The model never sees the whole document. It sees tool responses — search results, specific spans, chunk metadata. It builds understanding iteratively, the way a researcher works through a paper: scan, search, read a section, cross-reference, synthesise.

Why this matters

The difference between “stuff the context window” and “query the document” is structural.

When you stuff the window, the model processes everything once, in order, with no ability to revisit or search. Attention degrades over long sequences. The model can’t skip ahead or re-read. It’s reading a novel by flashlight in a single pass.

When you treat the document as environment, the model can search for what it needs, read specific sections at full resolution, and revisit earlier passages when later context changes the question. It can also explain why it read what it read — because every span access is logged, every artifact tracks its source.

This is provenance. Not “the model said X” but “the model said X based on characters 14,200–15,800 of document Y, using prompt Z.” Auditable, reproducible, and — when it matters — defensible.

Performance

The BM25 index uses a three-tier caching strategy: in-memory, disk-persisted, or rebuilt from scratch if the corpus has changed. Staleness detection uses a fingerprint of document count, content hashes, and tokenizer version — if any of those change, the index rebuilds automatically.

Batch document loading runs with a concurrency semaphore (default 20 concurrent loads) to bound memory usage during large imports.

Session management includes DOS protection: hard caps on response size (50,000 characters per response, 10,000 per peek), a tool call budget (500 per session by default), and per-session async locks for concurrent access. The system assumes it might be used by a team, and behaves accordingly.

What it’s not

It’s not RAG. RAG retrieves fragments to inject into a prompt. RLM provides an interactive interface to a document that the model navigates deliberately. The model chooses what to read, when to search, and how to chunk — it’s not handed a pre-selected excerpt and asked to work with whatever it got.

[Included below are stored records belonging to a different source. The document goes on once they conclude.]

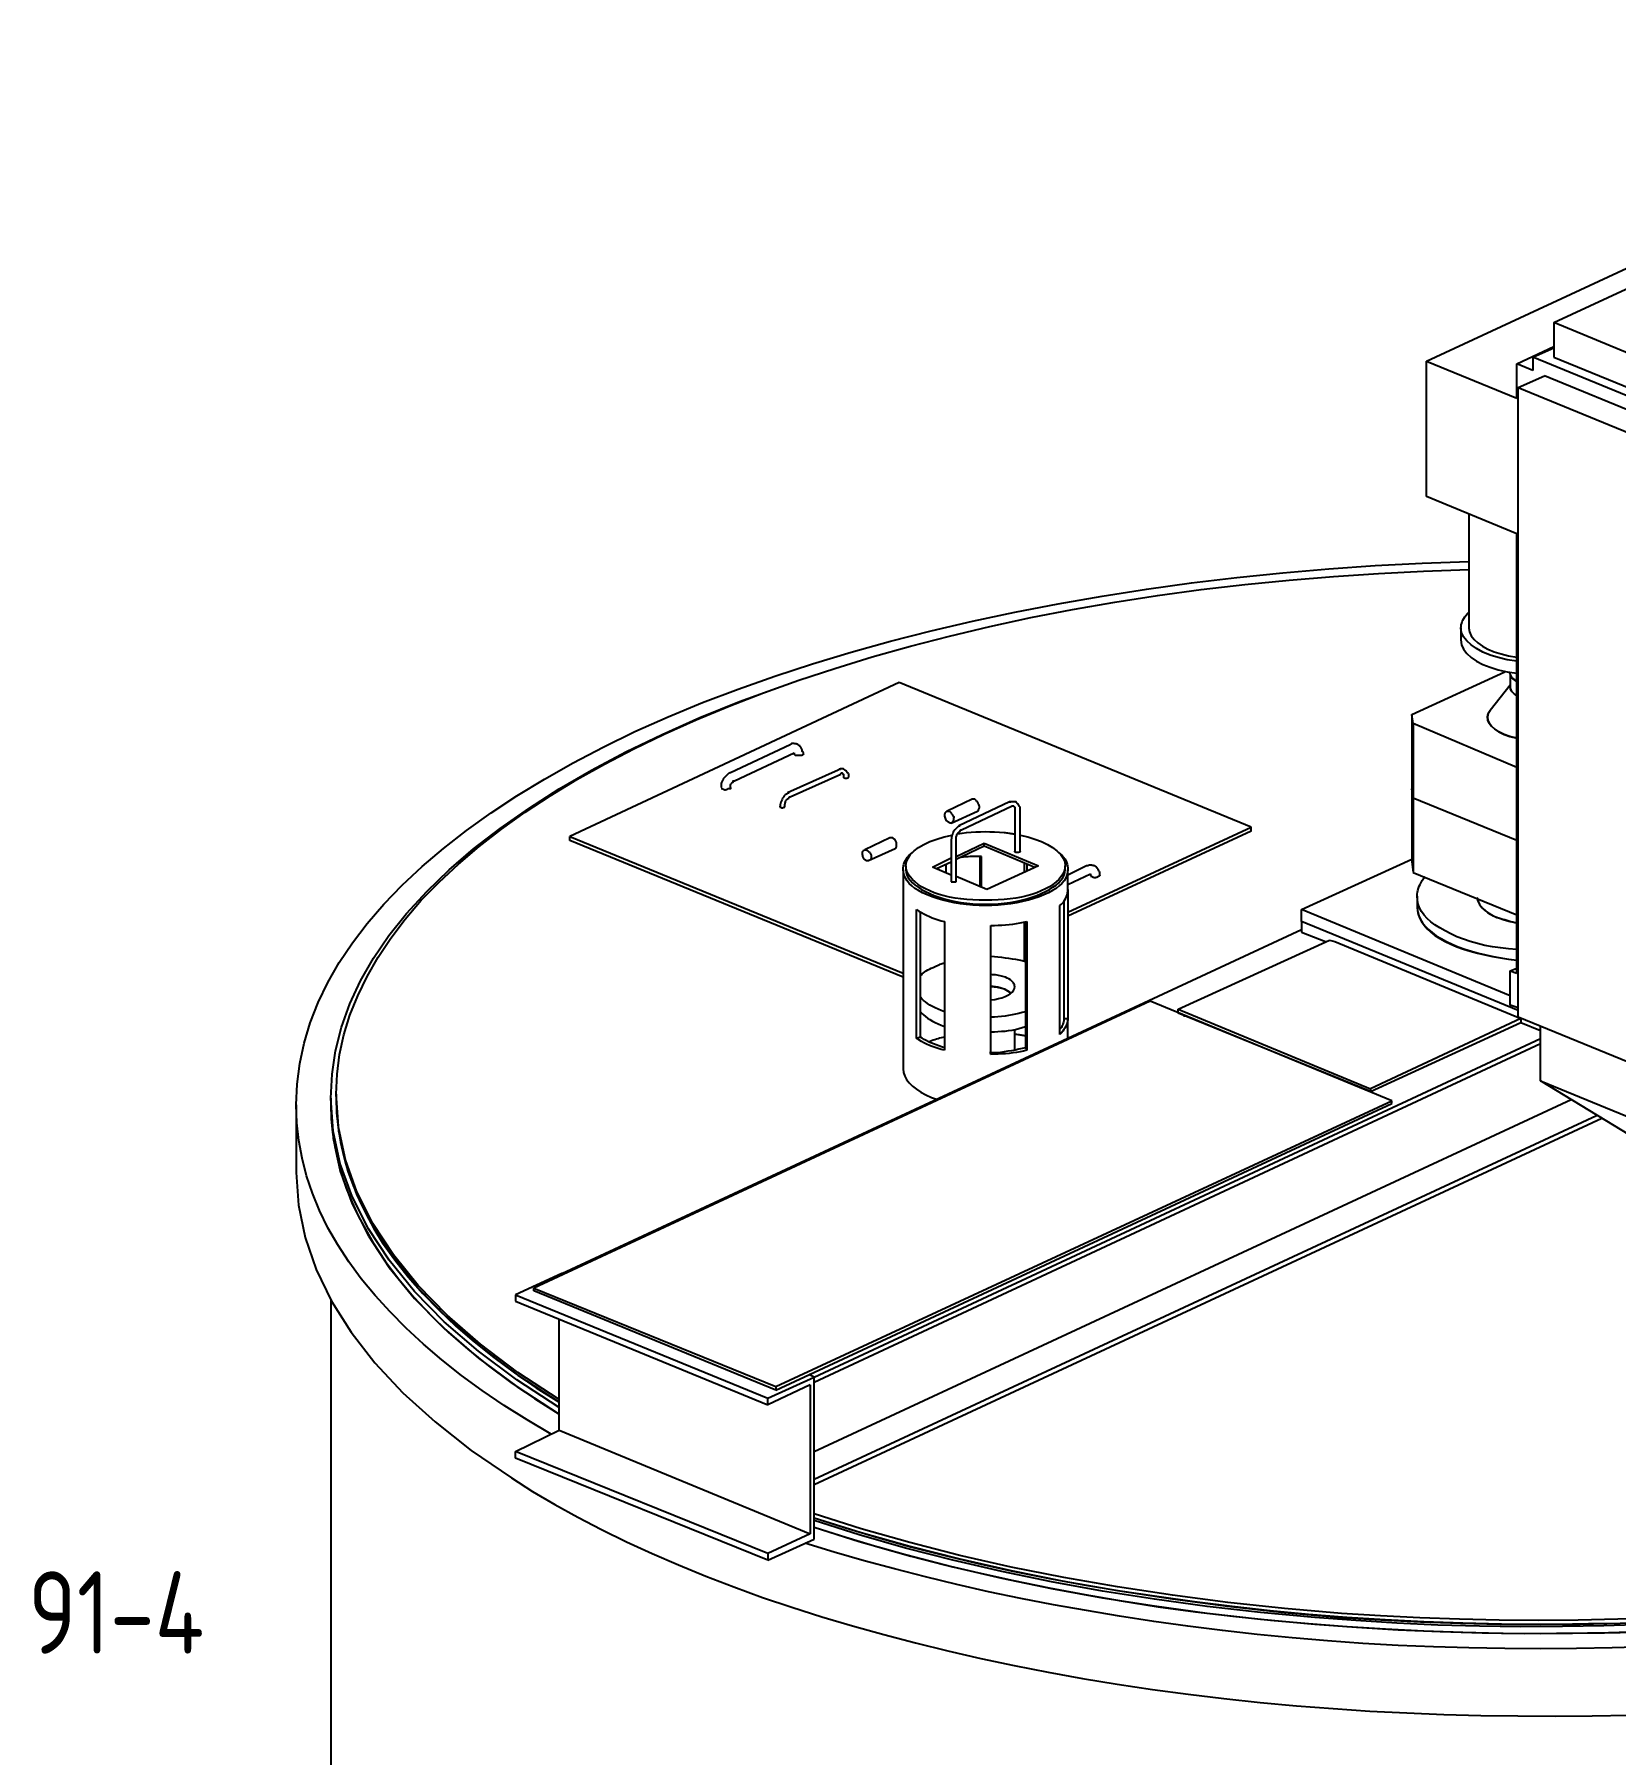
# Model space of a CAD drawing. Header units: metres. Extents: x 20 to 415, y 5 to 292.
# Drawn here: x 182.68 to 213.05, y 208.89 to 241.93 of the extents above; entities that cross this region are included whole.
import ezdxf

# ---------------------------------------------------------------- set-up
doc = ezdxf.new("R2010")
doc.units = ezdxf.units.M
doc.layers.add('ОБОЗНАЧЕНИЯ', color=7, linetype='Continuous')
doc.layers.add('ОБОРУДОВАНИЕ', color=8, linetype='Continuous')
doc.styles.add('GOST', font='isocpeur.ttf')

msp = doc.modelspace()

# ---------------------------------------------------------------- linework, layer by layer
at = {"layer": 'ОБОРУДОВАНИЕ'}
for points in [[(209.414, 235.654), (222.933, 241.929)], [(211.863, 236.394), (223.367, 241.725)], [(217.781, 233.945), (211.863, 236.394)], [(211.863, 236.394), (211.863, 235.731)], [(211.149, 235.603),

It’s also not a replacement for large context windows when you have them. If your document fits in context and you don’t need provenance tracking or iterative exploration, just paste it in. RLM is for when the document is too large, or when you need to know exactly which part of the source generated which output.

Tests

The test suite covers batch loading, concurrency, end-to-end integration, error handling, index persistence, large corpus behaviour, structured logging, provenance tracking, and storage. When the tool’s job is to extend the reach of a language model, it needs to be the most reliable thing in the chain.

rlm-mcp is open source at github.com/adrianwedd/rlm-mcp. The pattern is based on Zhang, Kraska & Khattab (2025), “Recursive Language Models” (arXiv:2512.24601).